▸ PROBLEM TO SOLVE: Transcribe each line of the material as it is, and drop any picture.
[Start of section]
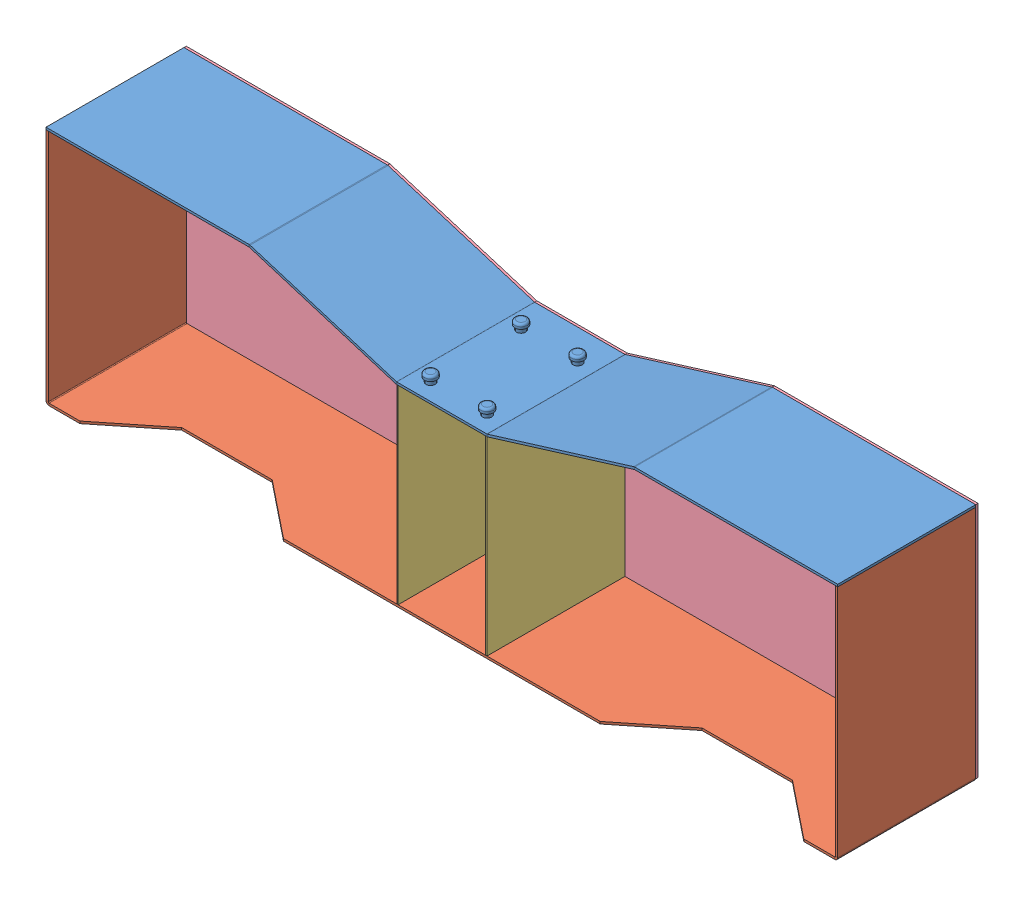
SolidWorks assembly BAC A GOUSSET.SLDASM, configuration Défaut (file format 4700). Lengths in mm.
Overall size (700 212 124).
5 component instances, 4 part files, 12 mates.
Components (placement in the parent):
- PAROIES ARRIERE DE BAC A GOUSSET-1: PAROIES ARRIERE DE BAC A GOUSSET.SLDPRT [Défaut] at (-332.5826 102.5035 -60) size (700 42 122)
- PAROIES AVANT DE BAC A GOUSSET-1: PAROIES AVANT DE BAC A GOUSSET.SLDPRT [Défaut] at (-332.5826 -109.4965 -60) size (700 210 122)
- SEPARATION POUR RISLAN-1: SEPARATION POUR RISLAN.SLDPRT [Défaut] at (57.3066 60.5035 -60) x (0 -1 0) z (-1 0 0) size (168 122 1.2)
- FOND DE BAC-1: FOND DE BAC.SLDPRT [Défaut] at (-332.5826 -107.4965 -62) size (700 210 2)
- SEPARATION POUR RISLAN-2: SEPARATION POUR RISLAN.SLDPRT [Défaut] at (-22.4719 60.5035 62) x (0 -1 0) z (1 0 0) size (168 122 1.2)
Mates (geometry in assembly coordinates):
- Coïncidente1: coincident anti-aligned: plane of PAROIES ARRIERE DE BAC A GOUSSET-1 through (-22.5826 60.5035 62) normal (0 -1 0); plane of SEPARATION POUR RISLAN-1 through (56.1066 60.5035 62) normal (0 1 0)
- Coïncidente2: coincident anti-aligned: plane of PAROIES ARRIERE DE BAC A GOUSSET-1 through (-22.5826 60.5035 62) normal (0 -1 0); plane of SEPARATION POUR RISLAN-2 through (-21.2719 60.5035 -60) normal (0 1 0)
- Coïncidente3: coincident aligned: line of PAROIES ARRIERE DE BAC A GOUSSET-1 through (57.3066 60.5035 62) axis (0 0 -1); line of SEPARATION POUR RISLAN-1 through (57.3066 60.5035 62) axis (0 0 -1)
- Coïncidente4: coincident aligned: plane of PAROIES ARRIERE DE BAC A GOUSSET-1 through (-23.2767 60.6245 62) normal (0 0 1); plane of SEPARATION POUR RISLAN-1 through (56.1066 -107.4965 62) normal (0 0 1)
- Coïncidente5: coincident aligned: plane of PAROIES ARRIERE DE BAC A GOUSSET-1 through (-23.2767 60.6245 62) normal (0 0 1); plane of SEPARATION POUR RISLAN-2 through (-21.2719 -107.4965 62) normal (0 0 1)
- Coïncidente6: coincident anti-aligned: line of PAROIES ARRIERE DE BAC A GOUSSET-1 through (-22.4719 60.5035 62) axis (0 0 -1); line of SEPARATION POUR RISLAN-2 through (-22.4719 60.5035 -60) axis (0 0 1)
- Coïncidente7: coincident aligned: plane of PAROIES ARRIERE DE BAC A GOUSSET-1 through (-332.5826 102.5035 62) normal (0 1 0); plane of FOND DE BAC-1 through (-152.5826 102.5035 -60) normal (0 1 0)
- Coïncidente8: coincident anti-aligned: plane of PAROIES ARRIERE DE BAC A GOUSSET-1 through (-152.7775 100.4709 -60) normal (0 0 -1); plane of FOND DE BAC-1 through (-332.5826 -107.4965 -60) normal (0 0 1)
- Coïncidente10: coincident aligned: plane of PAROIES ARRIERE DE BAC A GOUSSET-1 through (-332.5826 100.5035 62) normal (-1 0 0); plane of FOND DE BAC-1 through (-332.5826 102.5035 -60) normal (-1 0 0)
- Coïncidente11: coincident aligned: plane of PAROIES AVANT DE BAC A GOUSSET-1 through (-332.5826 100.5035 62) normal (-1 0 0); plane of FOND DE BAC-1 through (-332.5826 102.5035 -60) normal (-1 0 0)
- Coïncidente12: coincident anti-aligned: plane of PAROIES ARRIERE DE BAC A GOUSSET-1 through (-332.5826 100.5035 62) normal (0 -1 0); plane of PAROIES AVANT DE BAC A GOUSSET-1 through (-332.5826 100.5035 62) normal (0 1 0)
- Coïncidente13: coincident aligned: plane of PAROIES ARRIERE DE BAC A GOUSSET-1 through (187.8289 99.7669 62) normal (0 0 1); plane of PAROIES AVANT DE BAC A GOUSSET-1 through (-329.846 -107.4965 62) normal (0 0 1)
[End of section]
▸ TASK ANSWER:
SolidWorks assembly BAC A GOUSSET.SLDASM, configuration Défaut (file format 4700). Lengths in mm.
Overall size (700 212 124).
5 component instances, 4 part files, 12 mates.
Components (placement in the parent):
- PAROIES ARRIERE DE BAC A GOUSSET-1: PAROIES ARRIERE DE BAC A GOUSSET.SLDPRT [Défaut] at (-332.5826 102.5035 -60) size (700 42 122)
- PAROIES AVANT DE BAC A GOUSSET-1: PAROIES AVANT DE BAC A GOUSSET.SLDPRT [Défaut] at (-332.5826 -109.4965 -60) size (700 210 122)
- SEPARATION POUR RISLAN-1: SEPARATION POUR RISLAN.SLDPRT [Défaut] at (57.3066 60.5035 -60) x (0 -1 0) z (-1 0 0) size (168 122 1.2)
- FOND DE BAC-1: FOND DE BAC.SLDPRT [Défaut] at (-332.5826 -107.4965 -62) size (700 210 2)
- SEPARATION POUR RISLAN-2: SEPARATION POUR RISLAN.SLDPRT [Défaut] at (-22.4719 60.5035 62) x (0 -1 0) z (1 0 0) size (168 122 1.2)
Mates (geometry in assembly coordinates):
- Coïncidente1: coincident anti-aligned: plane of PAROIES ARRIERE DE BAC A GOUSSET-1 through (-22.5826 60.5035 62) normal (0 -1 0); plane of SEPARATION POUR RISLAN-1 through (56.1066 60.5035 62) normal (0 1 0)
- Coïncidente2: coincident anti-aligned: plane of PAROIES ARRIERE DE BAC A GOUSSET-1 through (-22.5826 60.5035 62) normal (0 -1 0); plane of SEPARATION POUR RISLAN-2 through (-21.2719 60.5035 -60) normal (0 1 0)
- Coïncidente3: coincident aligned: line of PAROIES ARRIERE DE BAC A GOUSSET-1 through (57.3066 60.5035 62) axis (0 0 -1); line of SEPARATION POUR RISLAN-1 through (57.3066 60.5035 62) axis (0 0 -1)
- Coïncidente4: coincident aligned: plane of PAROIES ARRIERE DE BAC A GOUSSET-1 through (-23.2767 60.6245 62) normal (0 0 1); plane of SEPARATION POUR RISLAN-1 through (56.1066 -107.4965 62) normal (0 0 1)
- Coïncidente5: coincident aligned: plane of PAROIES ARRIERE DE BAC A GOUSSET-1 through (-23.2767 60.6245 62) normal (0 0 1); plane of SEPARATION POUR RISLAN-2 through (-21.2719 -107.4965 62) normal (0 0 1)
- Coïncidente6: coincident anti-aligned: line of PAROIES ARRIERE DE BAC A GOUSSET-1 through (-22.4719 60.5035 62) axis (0 0 -1); line of SEPARATION POUR RISLAN-2 through (-22.4719 60.5035 -60) axis (0 0 1)
- Coïncidente7: coincident aligned: plane of PAROIES ARRIERE DE BAC A GOUSSET-1 through (-332.5826 102.5035 62) normal (0 1 0); plane of FOND DE BAC-1 through (-152.5826 102.5035 -60) normal (0 1 0)
- Coïncidente8: coincident anti-aligned: plane of PAROIES ARRIERE DE BAC A GOUSSET-1 through (-152.7775 100.4709 -60) normal (0 0 -1); plane of FOND DE BAC-1 through (-332.5826 -107.4965 -60) normal (0 0 1)
- Coïncidente10: coincident aligned: plane of PAROIES ARRIERE DE BAC A GOUSSET-1 through (-332.5826 100.5035 62) normal (-1 0 0); plane of FOND DE BAC-1 through (-332.5826 102.5035 -60) normal (-1 0 0)
- Coïncidente11: coincident aligned: plane of PAROIES AVANT DE BAC A GOUSSET-1 through (-332.5826 100.5035 62) normal (-1 0 0); plane of FOND DE BAC-1 through (-332.5826 102.5035 -60) normal (-1 0 0)
- Coïncidente12: coincident anti-aligned: plane of PAROIES ARRIERE DE BAC A GOUSSET-1 through (-332.5826 100.5035 62) normal (0 -1 0); plane of PAROIES AVANT DE BAC A GOUSSET-1 through (-332.5826 100.5035 62) normal (0 1 0)
- Coïncidente13: coincident aligned: plane of PAROIES ARRIERE DE BAC A GOUSSET-1 through (187.8289 99.7669 62) normal (0 0 1); plane of PAROIES AVANT DE BAC A GOUSSET-1 through (-329.846 -107.4965 62) normal (0 0 1)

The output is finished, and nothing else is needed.